# Fenstergröße definieren



## Alphator (6. Mai 2002)

Hallo allerseits,

ich hab da ein Problem...

vorab schonmal, ich habe mit der suchfunktion nur sachen mit jave(script) gefunden.

Also, ich will eine Homepage entwerfen, die egal bei welcher auflösung immer gleichgut aussieht. ich dachte mir das einfachste wäre, einfach ein fenster mit 800x600px in der mitte des bildschirms öffne.

(wer eine andere idee hat, um das problem mit der auflösung zu umgehn, nur her damit!!!)
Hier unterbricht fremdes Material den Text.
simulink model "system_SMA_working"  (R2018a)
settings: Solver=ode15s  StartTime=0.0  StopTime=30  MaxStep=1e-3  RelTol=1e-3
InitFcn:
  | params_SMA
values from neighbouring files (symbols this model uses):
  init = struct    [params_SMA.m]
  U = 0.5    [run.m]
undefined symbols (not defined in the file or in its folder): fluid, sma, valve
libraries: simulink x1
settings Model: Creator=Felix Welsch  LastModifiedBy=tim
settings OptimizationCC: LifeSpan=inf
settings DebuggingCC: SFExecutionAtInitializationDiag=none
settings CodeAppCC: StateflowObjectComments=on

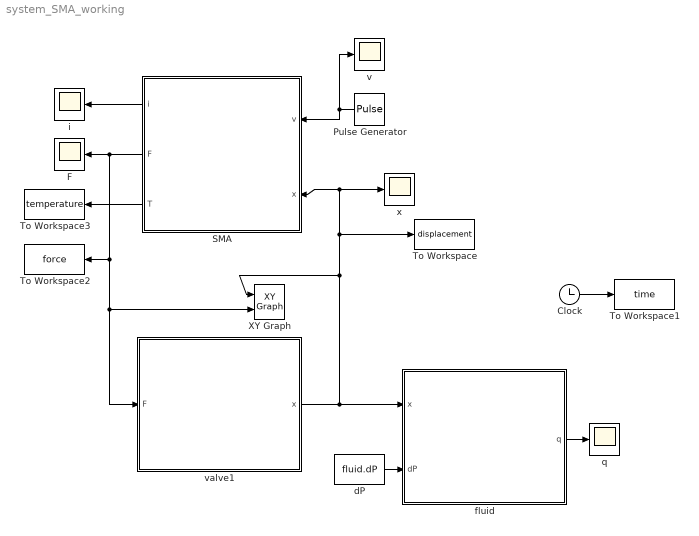
== system system_SMA_working ==
  Clock : Clock
  F : Scope
  Pulse Generator : DiscretePulseGenerator  PulseType=Time based  Amplitude=U  Period=10  PulseWidth=50  PhaseDelay=2.5
  SMA : Subsystem
  To Workspace : ToWorkspace  VariableName=displacement  SampleTime=-1
  To Workspace1 : ToWorkspace  VariableName=time  SampleTime=-1
  To Workspace2 : ToWorkspace  VariableName=force  SampleTime=-1
  To Workspace3 : ToWorkspace  VariableName=temperature  SampleTime=-1
  XY Graph : simulink/Sinks/XY Graph  xmin=0  xmax=7e-3  ymin=0  ymax=10  st=-1
  dP : Constant  Value=fluid.dP
  fluid : Subsystem
  i : Scope
  q : Scope
  "v " : Scope
  valve1 : Subsystem
  x : Scope
  wires:
  fluid/1(q) -> q/1
  dP/1 -> fluid/2(dP)
  SMA/1(i) -> i/1
  Pulse Generator/1 -> SMA/1(v), "v "/1
  SMA/2(F) -> To Workspace2/1, valve1/1(F), XY Graph/2, F/1
  Clock/1 -> To Workspace1/1
  valve1/1(x) -> fluid/1(x), To Workspace/1, x/1, SMA/2(x), XY Graph/1
  SMA/3(T) -> To Workspace3/1

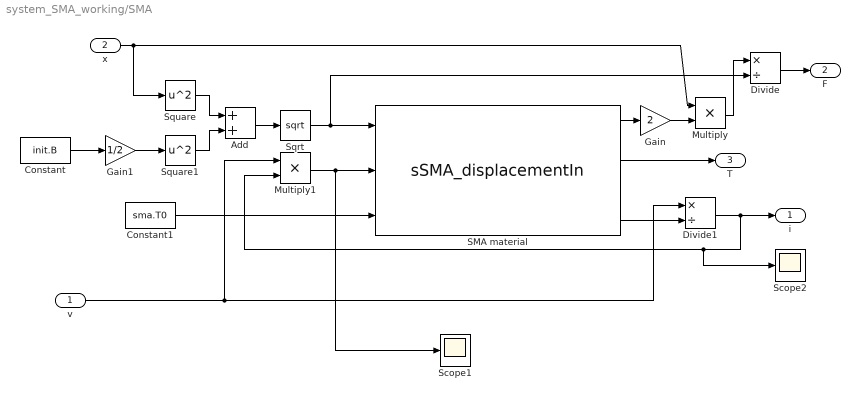
== system system_SMA_working/SMA ==
  v : Inport
  x : Inport  Port=2
  Add : Sum
  Constant : Constant  Value=init.B
  Constant1 : Constant  Value=sma.T0
  Divide : Product  Inputs=*/
  Divide1 : Product  Inputs=*/
  Gain : Gain  Gain=2
  Gain1 : Gain  Gain=1/2
  Multiply : Product
  Multiply1 : Product
  SMA material : M-S-Function  FunctionName=sSMA_displacementIn  Parameters=sma, init
      mask Display:
      | color('black');
      | patch(3*[-1 1 1 -1],1.1*[-1 -1 1 1],[1 1 1]);
      | patch([-1.6 -0.8],[-0.9 0.3],[0 0 0]);
      | patch([-0.8 1.2],[0.3 0.3],[0 0 0]);
      | patch([1.6 0.8],[0.9 -0.3],[0 0 0]);
      | patch([0.8 -1.2],[-0.3 -0.3],[0 0 0]);
      | disp('SMA');
      | 
      | color('blue');
      | port_label('input', 1, 'y [m]','texmode','on');
      | port_label('input', 2, 'J [W]','texmode','on');
      | port_label('input', 3, 'T_E [K]','texmode','on');
      | 
      | color('red');
      | port_label('output', 1, 'F [N]','texmode','on');
      | port_label('output', 2, 'x_+, x_-, x_A [-]','texmode','on');
      | port_label('output', 3, 'T [K]','texmode','on');
      | port_label('output', 4, '\epsilon [-]','texmode','on');
      | port_label('output', 5, '\sigma [Pa]','texmode','on');
      | port_label('output', 6, 'R [\Omega]','texmode','on');
  Scope1 : Scope
  Scope2 : Scope
  Sqrt : Sqrt  SaturateOnIntegerOverflow=on
  Square : Math  Operator=square  SaturateOnIntegerOverflow=on
  Square1 : Math  Operator=square  SaturateOnIntegerOverflow=on
  i : Outport
  F : Outport  Port=2
  T : Outport  Port=3
  wires:
  SMA material/1 -> Gain/1
  Multiply/1 -> Divide/1
  Gain/1 -> Multiply/2
  x/1 -> Square/1, Multiply/1
  Divide/1 -> F/1
  Square/1 -> Add/1
  Square1/1 -> Add/2
  Add/1 -> Sqrt/1
  Constant/1 -> Gain1/1
  Gain1/1 -> Square1/1
  Sqrt/1 -> Divide/2, SMA material/1
  v/1 -> Multiply1/1, Divide1/1
  Divide1/1 -> Scope2/1, Multiply1/2, i/1
  SMA material/6 -> Divide1/2
  Constant1/1 -> SMA material/3
  Multiply1/1 -> Scope1/1, SMA material/2
  SMA material/3 -> T/1

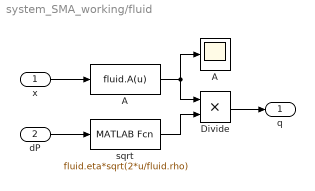
== system system_SMA_working/fluid ==
  x : Inport
  dP : Inport  Port=2
  A : MATLABFcn  MATLABFcn=fluid.A(u)
  "A " : Scope
  Divide : Product  Inputs=**
  sqrt : MATLABFcn  MATLABFcn=fluid.eta*sqrt(2*u/fluid.rho)
  q : Outport
  wires:
  x/1 -> A/1
  dP/1 -> sqrt/1
  A/1 -> "A "/1, Divide/1
  sqrt/1 -> Divide/2
  Divide/1 -> q/1

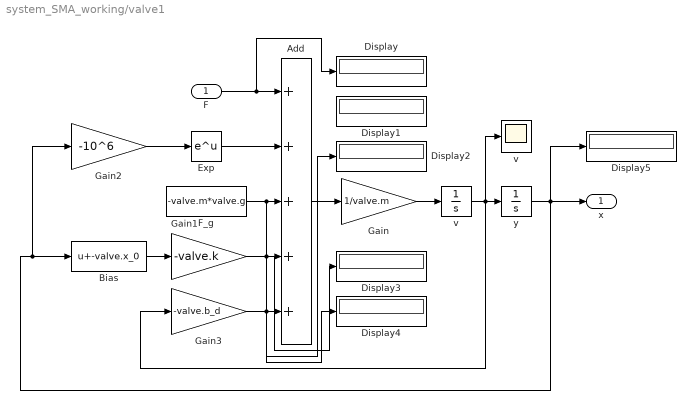
== system system_SMA_working/valve1 ==
  F : Inport
  Add : Sum  Inputs=+++++
  Bias : Bias  Bias=-valve.x_0
  Display{,1..5} (6 alike) : Display
  Exp : Math  SaturateOnIntegerOverflow=on
  F_g : Constant  Value=-valve.m*valve.g
  Gain : Gain  Gain=1/valve.m
  Gain1 : Gain  Gain=-valve.k
  Gain2 : Gain  Gain=-10^6
  Gain3 : Gain  Gain=-valve.b_d
  v : Integrator  InitialCondition=valve.v_0
  "v " : Scope
  y : Integrator  InitialCondition=valve.y_0
  x : Outport
  wires:
  F_g/1 -> Display2/1, Add/3
  y/1 -> Display5/1, x/1, Gain2/1, Bias/1
  v/1 -> "v "/1, Gain3/1, y/1
  Bias/1 -> Gain1/1
  Add/1 -> Gain/1
  Gain/1 -> v/1
  F/1 -> Display/1, Add/1
  Gain1/1 -> Display3/1, Add/4
  Gain3/1 -> Display4/1, Add/5
  Exp/1 -> Add/2
  Gain2/1 -> Exp/1
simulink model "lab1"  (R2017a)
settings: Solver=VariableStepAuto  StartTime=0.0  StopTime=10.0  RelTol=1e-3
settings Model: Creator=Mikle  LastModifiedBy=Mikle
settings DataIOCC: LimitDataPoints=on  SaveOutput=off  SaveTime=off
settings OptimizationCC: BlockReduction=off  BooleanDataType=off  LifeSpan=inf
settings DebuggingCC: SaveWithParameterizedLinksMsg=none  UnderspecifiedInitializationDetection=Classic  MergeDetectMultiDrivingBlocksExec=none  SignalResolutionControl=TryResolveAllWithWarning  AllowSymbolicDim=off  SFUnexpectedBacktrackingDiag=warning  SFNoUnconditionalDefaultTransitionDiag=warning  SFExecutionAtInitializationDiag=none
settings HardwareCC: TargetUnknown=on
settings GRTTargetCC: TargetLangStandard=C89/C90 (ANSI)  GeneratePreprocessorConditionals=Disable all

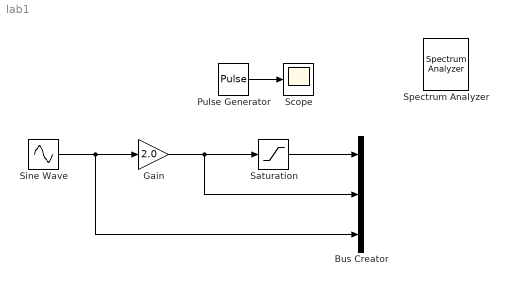
== system lab1 ==
  Bus Creator : BusCreator  Inputs=3
  Gain : Gain  Gain=2.0
  Pulse Generator : DiscretePulseGenerator  Period=10  PulseWidth=5
  Saturation : Saturate
  Scope : Scope
  Sine Wave : Sin  SineType=Sample based  SampleTime=0.1
  Spectrum Analyzer : SpectrumAnalyzer
  wires:
  Gain/1 -> Bus Creator/2, Saturation/1
  Sine Wave/1 -> Bus Creator/3, Gain/1
  Saturation/1 -> Bus Creator/1
  Pulse Generator/1 -> Scope/1
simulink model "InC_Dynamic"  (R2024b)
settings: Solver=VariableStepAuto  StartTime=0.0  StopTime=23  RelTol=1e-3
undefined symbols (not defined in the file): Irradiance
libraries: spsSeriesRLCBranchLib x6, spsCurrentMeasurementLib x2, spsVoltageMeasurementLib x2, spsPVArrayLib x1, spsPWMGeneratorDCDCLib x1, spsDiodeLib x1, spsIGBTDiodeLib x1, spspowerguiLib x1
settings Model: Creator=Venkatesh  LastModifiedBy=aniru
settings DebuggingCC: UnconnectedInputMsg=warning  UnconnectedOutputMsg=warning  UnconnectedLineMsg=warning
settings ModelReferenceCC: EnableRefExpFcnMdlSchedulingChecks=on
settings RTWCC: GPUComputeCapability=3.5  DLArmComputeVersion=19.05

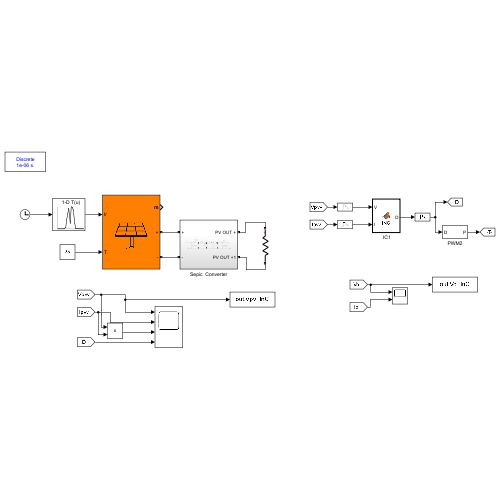
[thumbnail: Simulink's stored preview of the top-level diagram]
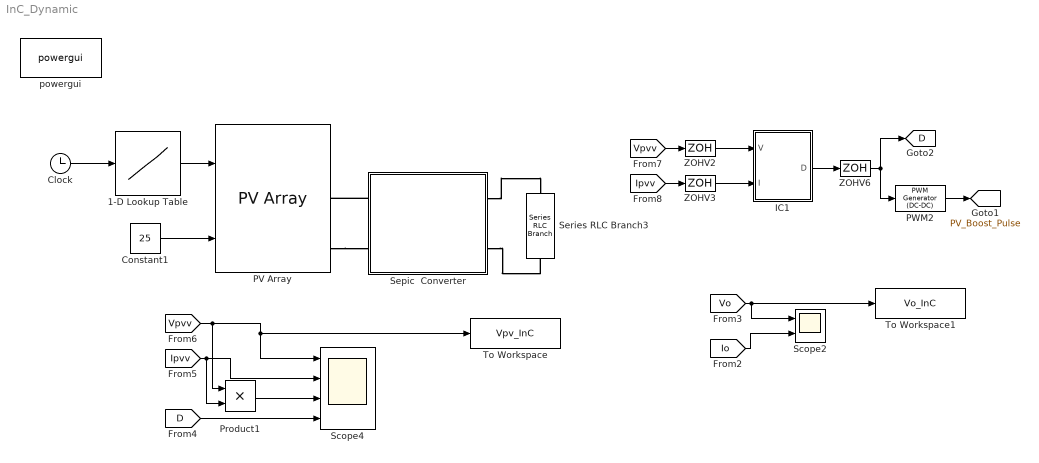
== system InC_Dynamic ==
  " IC1" : MATLAB Function  TreatAsAtomicUnit=on
  1-D Lookup Table : Lookup_n-D  NumberOfTableDimensions=1  BreakpointsForDimension1=0:23  Table=Irradiance  InternalRulePriority=Speed  RndMeth=Simplest
  Clock : Clock
  Constant1 : Constant  Value=25
  PV Array : spsPVArrayLib/PV Array  Npar=1  Nser=4  PlotType=array @ 1000 W/m2 & specified temperatures  S_vec="[ 1000  500  100 ]"  Temp_C_vec="[ 45 25  ]"  ModuleName=User-defined  PlotWhenSelected=off  Pm=301.928  Ncell=72  Voc=44.5  Isc=8.5  Vm=37.6  Im=8.03  beta_Voc_pc=-0.3631  alpha_Isc_pc=0.084299  beta_Voc=-0.16158  alpha_Isc=0.0071654  IL=8.5518  I0=3.3263e-10  nI=1.0044  Rsh=258.384  Rs=0.15735  RobustModel=off  RobustCellTemperature=313.3991  BAL=off  Tc=1e-6  Tfilter=5e-5
  PWM2 : spsPWMGeneratorDCDCLib/PWM Generator (DC-DC)  Fsw=10000  Ts=1e-6
  Product1 : Product
  Scope2 : Scope  NumInputPorts=2
  Scope4 : Scope  NumInputPorts=4
  Sepic  Converter : Subsystem
  Series RLC Branch3 : spsSeriesRLCBranchLib/Series RLC Branch  LConnTagsString=__new0  RConnTagsString=__new0  BranchType=R  Resistance=7  Inductance=3e-3  SetiL0=off  InitialCurrent=0  Capacitance=1e-6  Setx0=off  InitialVoltage=0  Measurements=None
  To Workspace : ToWorkspace  VariableName=Vpv_InC  SampleTime=-1
  To Workspace1 : ToWorkspace  VariableName=Vo_InC  SampleTime=-1
  ZOHV2 : ZeroOrderHold  SampleTime=0.02
  ZOHV3 : ZeroOrderHold  SampleTime=0.02
  ZOHV6 : ZeroOrderHold  SampleTime=0.02
  powergui : spspowerguiLib/powergui  Priority=1  SimulationMode=Discrete  SampleTime=1e-6  frequency=60  Iterations=50  frequencyindice=0  Pbase=100e6  ErrMax=1e-4  UnitsV=kV  UnitsW=MW  buscounter=0  FunctionMessages=off  echomessages=off  EnableUseOfTLC=off  CurrentSourceSwitches=off  DisableSnubberDevices=off  DisableRonSwitches=off  DisableVfSwitches=off  DisplayEquations=off  AutomaticDiscreteSolvers=off  SolverType=Tustin/Backward Euler (TBE)  Interpol=off  ExternalGateDelay=off  methode=off  Ts=100  x0status=blocks  SPID=on  SwTol=0  HookPort=off  NonlinearTolerance=1e-4  nMaxIteration=100  ContinueOnMaxIteration=off  RestoreLinks=warning  ResistiveCurrentMeasurement=off  Frange=[0:2:500]  Ylog=off  Xlog=on  ShowGrid=off  save=off  variable=ZData  structure=0  ZoomFFT=off  StartTime=0.0  cycles=1  DisplayStyle=1  fundamental=60  FreqAxis=off  MaxFrequency=1000  frequencyindicesteady=1  RmsSteady=1  display=off
  tag scope: D=global, PV_Boost_Pulse=global
  wires:
  [Vpvv] -> Product1/1, To Workspace/1, Scope4/1
  [D] -> Scope4/4
  ZOHV6/1 -> [D], PWM2/1
  ZOHV3/1 -> " IC1"/2(I)
  [Ipvv] -> ZOHV3/1
  " IC1"/1(D) -> ZOHV6/1
  [Io] -> Scope2/2
  [Vpvv] -> ZOHV2/1
  ZOHV2/1 -> " IC1"/1(V)
  PWM2/1 -> [PV_Boost_Pulse]
  Product1/1 -> Scope4/3
  [Vo] -> To Workspace1/1, Scope2/1
  Constant1/1 -> PV Array/2
  [Ipvv] -> Product1/2, Scope4/2
  1-D Lookup Table/1 -> PV Array/1
  Clock/1 -> 1-D Lookup Table/1
  connections:
  PV Array/RConn2 -- Sepic  Converter/LConn2
  Sepic  Converter/LConn1 -- PV Array/RConn1
  Sepic  Converter/RConn2 -- Series RLC Branch3/RConn1
  Sepic  Converter/RConn1 -- Series RLC Branch3/LConn1

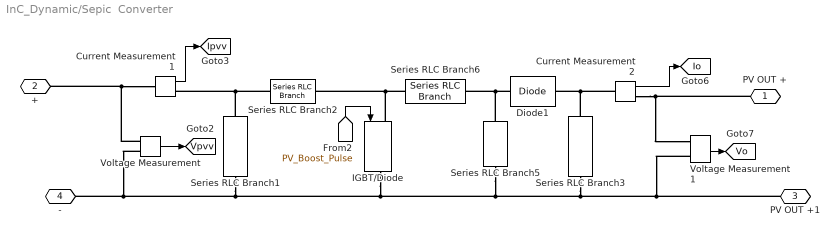
== system InC_Dynamic/Sepic  Converter ==
  Current Measurement1 : spsCurrentMeasurementLib/Current Measurement  PhasorSimulation=off  OutputType=Complex  PSBequivalent=0
  Current Measurement2 : spsCurrentMeasurementLib/Current Measurement  PhasorSimulation=off  OutputType=Complex  PSBequivalent=0
  Diode1 : spsDiodeLib/Diode  Ron=0.001  Lon=0  Vf=0.8  IC=0  UseSnubber=off  Rs=inf  Cs=250e-9  Measurements=off
  IGBT/Diode : spsIGBTDiodeLib/IGBT//Diode  Ron=1e-3  Rs=1e5  Cs=inf  Measurements=off
  Series RLC Branch1 : spsSeriesRLCBranchLib/Series RLC Branch  LConnTagsString=__new0  RConnTagsString=__new0  BranchType=C  Resistance=0.001  Inductance=3e-3  SetiL0=off  InitialCurrent=0  Capacitance=47e-6  Setx0=off  InitialVoltage=150  Measurements=None
  Series RLC Branch2 : spsSeriesRLCBranchLib/Series RLC Branch  LConnTagsString=__new0  RConnTagsString=__new0  BranchType=RL  Resistance=1  Inductance=3.3e-3  SetiL0=off  InitialCurrent=0  Capacitance=1e-6  Setx0=off  InitialVoltage=0  Measurements=None
  Series RLC Branch3 : spsSeriesRLCBranchLib/Series RLC Branch  LConnTagsString=__new0  RConnTagsString=__new0  BranchType=RC  Resistance=0.001  Inductance=3e-3  SetiL0=off  InitialCurrent=0  Capacitance=220e-6  Setx0=off  InitialVoltage=150  Measurements=None
  Series RLC Branch5 : spsSeriesRLCBranchLib/Series RLC Branch  LConnTagsString=__new0  RConnTagsString=__new0  BranchType=RL  Resistance=1  Inductance=3.3e-3  SetiL0=off  InitialCurrent=0  Capacitance=1e-6  Setx0=off  InitialVoltage=0  Measurements=None
  Series RLC Branch6 : spsSeriesRLCBranchLib/Series RLC Branch  LConnTagsString=__new0  RConnTagsString=__new0  BranchType=RC  Resistance=1  Inductance=3e-3  SetiL0=off  InitialCurrent=0  Capacitance=47e-6  Setx0=off  InitialVoltage=150  Measurements=None
  Voltage Measurement : spsVoltageMeasurementLib/Voltage Measurement  PhasorSimulation=off  OutputType=Complex  PSBequivalent=0
  Voltage Measurement1 : spsVoltageMeasurementLib/Voltage Measurement  PhasorSimulation=off  OutputType=Complex  PSBequivalent=0
  PV OUT + : PMIOPort  Side=Right
  + : PMIOPort  Port=2  Side=Left
  PV OUT +1 : PMIOPort  Port=3  Side=Right
  - : PMIOPort  Port=4  Side=Left
  tag scope: Io=global, Ipvv=global, Vo=global, Vpvv=global
  wires:
  Current Measurement1/1 -> [Ipvv]
  Current Measurement2/1 -> [Io]
  [PV_Boost_Pulse] -> IGBT/Diode/1
  Voltage Measurement/1 -> [Vpvv]
  Voltage Measurement1/1 -> [Vo]
  connections:
  Voltage Measurement/LConn1 -- Current Measurement1/LConn1 -- +/RConn1
  PV OUT +1/RConn1 -- Voltage Measurement1/LConn2 -- Series RLC Branch3/RConn1 -- Series RLC Branch5/RConn1 -- IGBT/Diode/RConn1 -- Series RLC Branch1/RConn1 -- Voltage Measurement/LConn2 -- -/RConn1
  PV OUT +/RConn1 -- Current Measurement2/RConn1 -- Voltage Measurement1/LConn1
  Series RLC Branch1/LConn1 -- Series RLC Branch2/LConn1 -- Current Measurement1/RConn1
  IGBT/Diode/LConn1 -- Series RLC Branch6/RConn1 -- Series RLC Branch2/RConn1
  Series RLC Branch5/LConn1 -- Series RLC Branch6/LConn1 -- Diode1/LConn1
  Current Measurement2/LConn1 -- Series RLC Branch3/LConn1 -- Diode1/RConn1

== matlab function InC_Dynamic/ IC1 ==
  data: V input; I input; D output
% f=10000 hz 
function D  = INC(V, I)
 
 
Dinit = 0.5;  %Initial value for D output
Dmax = 0.8;   %Maximum value for D
Dmin = 0.1;   %Minimum value for D
deltaD = 0.01; %Increment value used to increase/decrease the duty cycle D
 
  
persistent Vold Dold Iold;
 
dataType = 'double';
 
if isempty(Vold)
    Vold=0;
    Iold=0;
    Dold=Dinit;
end
dV= V - Vold;
dI= I - Iold;
 
    if dV == 0
        if dI == 0
            D=Dold;
        else
           if dI > 0
            D = Dold - deltaD;
           else 
            D = Dold + deltaD;
           end
        end
    else
        if (dI/dV) == -(I/V)
            D=Dold;
        else
            if (dI/dV) > -(I/V)
           D=Dold - deltaD;
            else
           D=Dold + deltaD;  
            end 
        end
    end    
 
if D >= Dmax || D<= Dmin
    D=Dold;
end
 
Dold=D;
Vold=V;
Iold=I;

problem java, ich arbeite an einem mac, bei dem kein java aktiviert ist, und das wird auch so bleiben, (firmen intern bedingt)
also müsste ich unbedingt eine lösung ohne java,flasch, etc. haben

danke schonmal für eure hilfe.


----------



## Christoph (6. Mai 2002)

> jave(script)


wann, dann *java*script

mmh, ohne Java-Unterstützung eine kompatible Website bauen ist wohl schwer. mmh, zu könntest per Jav*a*script die auflösung des users ermitteln und ihn dann auf bestimmte seiten weterleiten.


links:
http://selfhtml.teamone.de/navigation/faq.htm#fenstergroesse
http://selfhtml.teamone.de/html/allgemein/stil.htm#bildschirm


----------



## Nuklearflo (6. Mai 2002)

Oder du plazierst dir eine Tabelle mit einer festen Breite von xxx
genau in der Mitte des Bildschirms. 
So mache ich das oft... 

Oben in die Zeile dann die Überschrift
links und rechts 'ne kleine Spalte mit Breite 100 oder so, da kann man dann 'ne Navi o.ä. reinstecken
und in die Mitte (=tabellenbreite - breite der äußeren Spalten) kommt dann der Inhalt...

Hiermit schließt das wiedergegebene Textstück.